### RECORD EXTRACTS ###

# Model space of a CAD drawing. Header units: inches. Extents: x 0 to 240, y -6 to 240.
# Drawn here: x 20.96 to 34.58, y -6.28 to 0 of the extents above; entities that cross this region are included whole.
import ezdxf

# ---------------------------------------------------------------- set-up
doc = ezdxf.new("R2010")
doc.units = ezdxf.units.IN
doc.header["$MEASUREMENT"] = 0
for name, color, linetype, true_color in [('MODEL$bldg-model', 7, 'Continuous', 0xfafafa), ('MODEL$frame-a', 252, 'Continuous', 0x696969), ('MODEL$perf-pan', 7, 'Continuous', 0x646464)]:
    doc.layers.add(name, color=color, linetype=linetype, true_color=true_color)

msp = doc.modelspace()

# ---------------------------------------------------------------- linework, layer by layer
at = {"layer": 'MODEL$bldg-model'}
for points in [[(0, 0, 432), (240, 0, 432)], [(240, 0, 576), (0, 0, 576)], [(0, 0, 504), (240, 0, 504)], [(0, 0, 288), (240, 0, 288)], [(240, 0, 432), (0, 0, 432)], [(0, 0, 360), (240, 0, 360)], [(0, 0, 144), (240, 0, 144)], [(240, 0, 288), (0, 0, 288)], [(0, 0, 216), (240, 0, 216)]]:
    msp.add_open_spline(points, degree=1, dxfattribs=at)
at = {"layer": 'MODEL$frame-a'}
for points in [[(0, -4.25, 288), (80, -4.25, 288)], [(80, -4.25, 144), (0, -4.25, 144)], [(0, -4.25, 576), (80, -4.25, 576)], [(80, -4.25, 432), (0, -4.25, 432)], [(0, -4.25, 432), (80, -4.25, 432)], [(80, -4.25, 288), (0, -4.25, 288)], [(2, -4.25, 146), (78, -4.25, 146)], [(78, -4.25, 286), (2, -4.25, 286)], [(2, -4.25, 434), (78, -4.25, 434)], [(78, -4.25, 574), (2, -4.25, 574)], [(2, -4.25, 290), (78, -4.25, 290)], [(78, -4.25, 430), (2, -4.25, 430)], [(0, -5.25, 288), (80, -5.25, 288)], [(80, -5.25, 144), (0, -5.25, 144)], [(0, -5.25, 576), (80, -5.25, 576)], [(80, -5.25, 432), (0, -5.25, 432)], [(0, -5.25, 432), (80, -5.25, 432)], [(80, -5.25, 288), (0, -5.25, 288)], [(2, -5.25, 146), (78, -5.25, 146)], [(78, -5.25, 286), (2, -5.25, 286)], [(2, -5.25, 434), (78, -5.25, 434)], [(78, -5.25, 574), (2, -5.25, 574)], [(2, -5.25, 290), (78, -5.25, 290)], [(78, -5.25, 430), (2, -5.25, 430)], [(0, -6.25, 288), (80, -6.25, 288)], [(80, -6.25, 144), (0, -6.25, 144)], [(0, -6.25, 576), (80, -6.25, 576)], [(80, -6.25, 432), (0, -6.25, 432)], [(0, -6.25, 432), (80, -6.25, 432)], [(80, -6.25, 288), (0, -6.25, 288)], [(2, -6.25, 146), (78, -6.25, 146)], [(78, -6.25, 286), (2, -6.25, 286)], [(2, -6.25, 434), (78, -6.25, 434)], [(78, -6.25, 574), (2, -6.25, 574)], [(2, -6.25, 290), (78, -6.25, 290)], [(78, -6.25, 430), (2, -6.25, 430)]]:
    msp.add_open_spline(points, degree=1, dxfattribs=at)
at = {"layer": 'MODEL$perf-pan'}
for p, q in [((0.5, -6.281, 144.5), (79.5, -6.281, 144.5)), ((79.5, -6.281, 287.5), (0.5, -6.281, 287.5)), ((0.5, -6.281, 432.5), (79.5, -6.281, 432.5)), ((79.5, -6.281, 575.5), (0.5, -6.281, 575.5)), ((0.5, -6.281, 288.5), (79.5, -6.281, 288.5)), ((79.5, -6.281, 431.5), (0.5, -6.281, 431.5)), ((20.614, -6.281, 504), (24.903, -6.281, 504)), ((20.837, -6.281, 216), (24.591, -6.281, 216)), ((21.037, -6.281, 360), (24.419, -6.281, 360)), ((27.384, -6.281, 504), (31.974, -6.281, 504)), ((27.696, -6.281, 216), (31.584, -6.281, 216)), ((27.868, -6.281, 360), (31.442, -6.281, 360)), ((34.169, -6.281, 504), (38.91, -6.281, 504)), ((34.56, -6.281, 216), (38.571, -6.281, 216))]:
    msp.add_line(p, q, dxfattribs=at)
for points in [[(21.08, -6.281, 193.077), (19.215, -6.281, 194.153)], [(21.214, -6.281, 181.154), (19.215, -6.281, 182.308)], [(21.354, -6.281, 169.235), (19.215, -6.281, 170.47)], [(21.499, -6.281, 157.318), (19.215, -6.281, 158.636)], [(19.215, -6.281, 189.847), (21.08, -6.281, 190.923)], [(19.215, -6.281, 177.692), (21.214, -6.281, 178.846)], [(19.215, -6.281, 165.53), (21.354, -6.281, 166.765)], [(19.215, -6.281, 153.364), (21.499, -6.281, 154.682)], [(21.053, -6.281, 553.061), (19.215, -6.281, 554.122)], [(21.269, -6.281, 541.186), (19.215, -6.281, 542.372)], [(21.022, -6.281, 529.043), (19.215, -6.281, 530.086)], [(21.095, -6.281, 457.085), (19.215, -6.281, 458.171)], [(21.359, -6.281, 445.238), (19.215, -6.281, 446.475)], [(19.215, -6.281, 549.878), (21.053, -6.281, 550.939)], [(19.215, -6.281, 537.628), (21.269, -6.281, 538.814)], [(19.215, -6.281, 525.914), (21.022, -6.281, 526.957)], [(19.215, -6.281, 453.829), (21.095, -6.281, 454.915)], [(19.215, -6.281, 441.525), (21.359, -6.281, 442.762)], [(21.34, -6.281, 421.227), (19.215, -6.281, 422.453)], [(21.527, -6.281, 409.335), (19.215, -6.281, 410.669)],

###

— WHAT IS EXPECTED —
Exact reproduction of all the material is needed.

— EXPECTED ANSWER —
# Model space of a CAD drawing. Header units: inches. Extents: x 0 to 240, y -6 to 240.
# Drawn here: x 20.96 to 34.58, y -6.28 to 0 of the extents above; entities that cross this region are included whole.
import ezdxf

# ---------------------------------------------------------------- set-up
doc = ezdxf.new("R2010")
doc.units = ezdxf.units.IN
doc.header["$MEASUREMENT"] = 0
for name, color, linetype, true_color in [('MODEL$bldg-model', 7, 'Continuous', 0xfafafa), ('MODEL$frame-a', 252, 'Continuous', 0x696969), ('MODEL$perf-pan', 7, 'Continuous', 0x646464)]:
    doc.layers.add(name, color=color, linetype=linetype, true_color=true_color)

msp = doc.modelspace()

# ---------------------------------------------------------------- linework, layer by layer
at = {"layer": 'MODEL$bldg-model'}
for points in [[(0, 0, 432), (240, 0, 432)], [(240, 0, 576), (0, 0, 576)], [(0, 0, 504), (240, 0, 504)], [(0, 0, 288), (240, 0, 288)], [(240, 0, 432), (0, 0, 432)], [(0, 0, 360), (240, 0, 360)], [(0, 0, 144), (240, 0, 144)], [(240, 0, 288), (0, 0, 288)], [(0, 0, 216), (240, 0, 216)]]:
    msp.add_open_spline(points, degree=1, dxfattribs=at)
at = {"layer": 'MODEL$frame-a'}
for points in [[(0, -4.25, 288), (80, -4.25, 288)], [(80, -4.25, 144), (0, -4.25, 144)], [(0, -4.25, 576), (80, -4.25, 576)], [(80, -4.25, 432), (0, -4.25, 432)], [(0, -4.25, 432), (80, -4.25, 432)], [(80, -4.25, 288), (0, -4.25, 288)], [(2, -4.25, 146), (78, -4.25, 146)], [(78, -4.25, 286), (2, -4.25, 286)], [(2, -4.25, 434), (78, -4.25, 434)], [(78, -4.25, 574), (2, -4.25, 574)], [(2, -4.25, 290), (78, -4.25, 290)], [(78, -4.25, 430), (2, -4.25, 430)], [(0, -5.25, 288), (80, -5.25, 288)], [(80, -5.25, 144), (0, -5.25, 144)], [(0, -5.25, 576), (80, -5.25, 576)], [(80, -5.25, 432), (0, -5.25, 432)], [(0, -5.25, 432), (80, -5.25, 432)], [(80, -5.25, 288), (0, -5.25, 288)], [(2, -5.25, 146), (78, -5.25, 146)], [(78, -5.25, 286), (2, -5.25, 286)], [(2, -5.25, 434), (78, -5.25, 434)], [(78, -5.25, 574), (2, -5.25, 574)], [(2, -5.25, 290), (78, -5.25, 290)], [(78, -5.25, 430), (2, -5.25, 430)], [(0, -6.25, 288), (80, -6.25, 288)], [(80, -6.25, 144), (0, -6.25, 144)], [(0, -6.25, 576), (80, -6.25, 576)], [(80, -6.25, 432), (0, -6.25, 432)], [(0, -6.25, 432), (80, -6.25, 432)], [(80, -6.25, 288), (0, -6.25, 288)], [(2, -6.25, 146), (78, -6.25, 146)], [(78, -6.25, 286), (2, -6.25, 286)], [(2, -6.25, 434), (78, -6.25, 434)], [(78, -6.25, 574), (2, -6.25, 574)], [(2, -6.25, 290), (78, -6.25, 290)], [(78, -6.25, 430), (2, -6.25, 430)]]:
    msp.add_open_spline(points, degree=1, dxfattribs=at)
at = {"layer": 'MODEL$perf-pan'}
for p, q in [((0.5, -6.281, 144.5), (79.5, -6.281, 144.5)), ((79.5, -6.281, 287.5), (0.5, -6.281, 287.5)), ((0.5, -6.281, 432.5), (79.5, -6.281, 432.5)), ((79.5, -6.281, 575.5), (0.5, -6.281, 575.5)), ((0.5, -6.281, 288.5), (79.5, -6.281, 288.5)), ((79.5, -6.281, 431.5), (0.5, -6.281, 431.5)), ((20.614, -6.281, 504), (24.903, -6.281, 504)), ((20.837, -6.281, 216), (24.591, -6.281, 216)), ((21.037, -6.281, 360), (24.419, -6.281, 360)), ((27.384, -6.281, 504), (31.974, -6.281, 504)), ((27.696, -6.281, 216), (31.584, -6.281, 216)), ((27.868, -6.281, 360), (31.442, -6.281, 360)), ((34.169, -6.281, 504), (38.91, -6.281, 504)), ((34.56, -6.281, 216), (38.571, -6.281, 216))]:
    msp.add_line(p, q, dxfattribs=at)
for points in [[(21.08, -6.281, 193.077), (19.215, -6.281, 194.153)], [(21.214, -6.281, 181.154), (19.215, -6.281, 182.308)], [(21.354, -6.281, 169.235), (19.215, -6.281, 170.47)], [(21.499, -6.281, 157.318), (19.215, -6.281, 158.636)], [(19.215, -6.281, 189.847), (21.08, -6.281, 190.923)], [(19.215, -6.281, 177.692), (21.214, -6.281, 178.846)], [(19.215, -6.281, 165.53), (21.354, -6.281, 166.765)], [(19.215, -6.281, 153.364), (21.499, -6.281, 154.682)], [(21.053, -6.281, 553.061), (19.215, -6.281, 554.122)], [(21.269, -6.281, 541.186), (19.215, -6.281, 542.372)], [(21.022, -6.281, 529.043), (19.215, -6.281, 530.086)], [(21.095, -6.281, 457.085), (19.215, -6.281, 458.171)], [(21.359, -6.281, 445.238), (19.215, -6.281, 446.475)], [(19.215, -6.281, 549.878), (21.053, -6.281, 550.939)], [(19.215, -6.281, 537.628), (21.269, -6.281, 538.814)], [(19.215, -6.281, 525.914), (21.022, -6.281, 526.957)], [(19.215, -6.281, 453.829), (21.095, -6.281, 454.915)], [(19.215, -6.281, 441.525), (21.359, -6.281, 442.762)], [(21.34, -6.281, 421.227), (19.215, -6.281, 422.453)], [(21.527, -6.281, 409.335), (19.215, -6.281, 410.669)],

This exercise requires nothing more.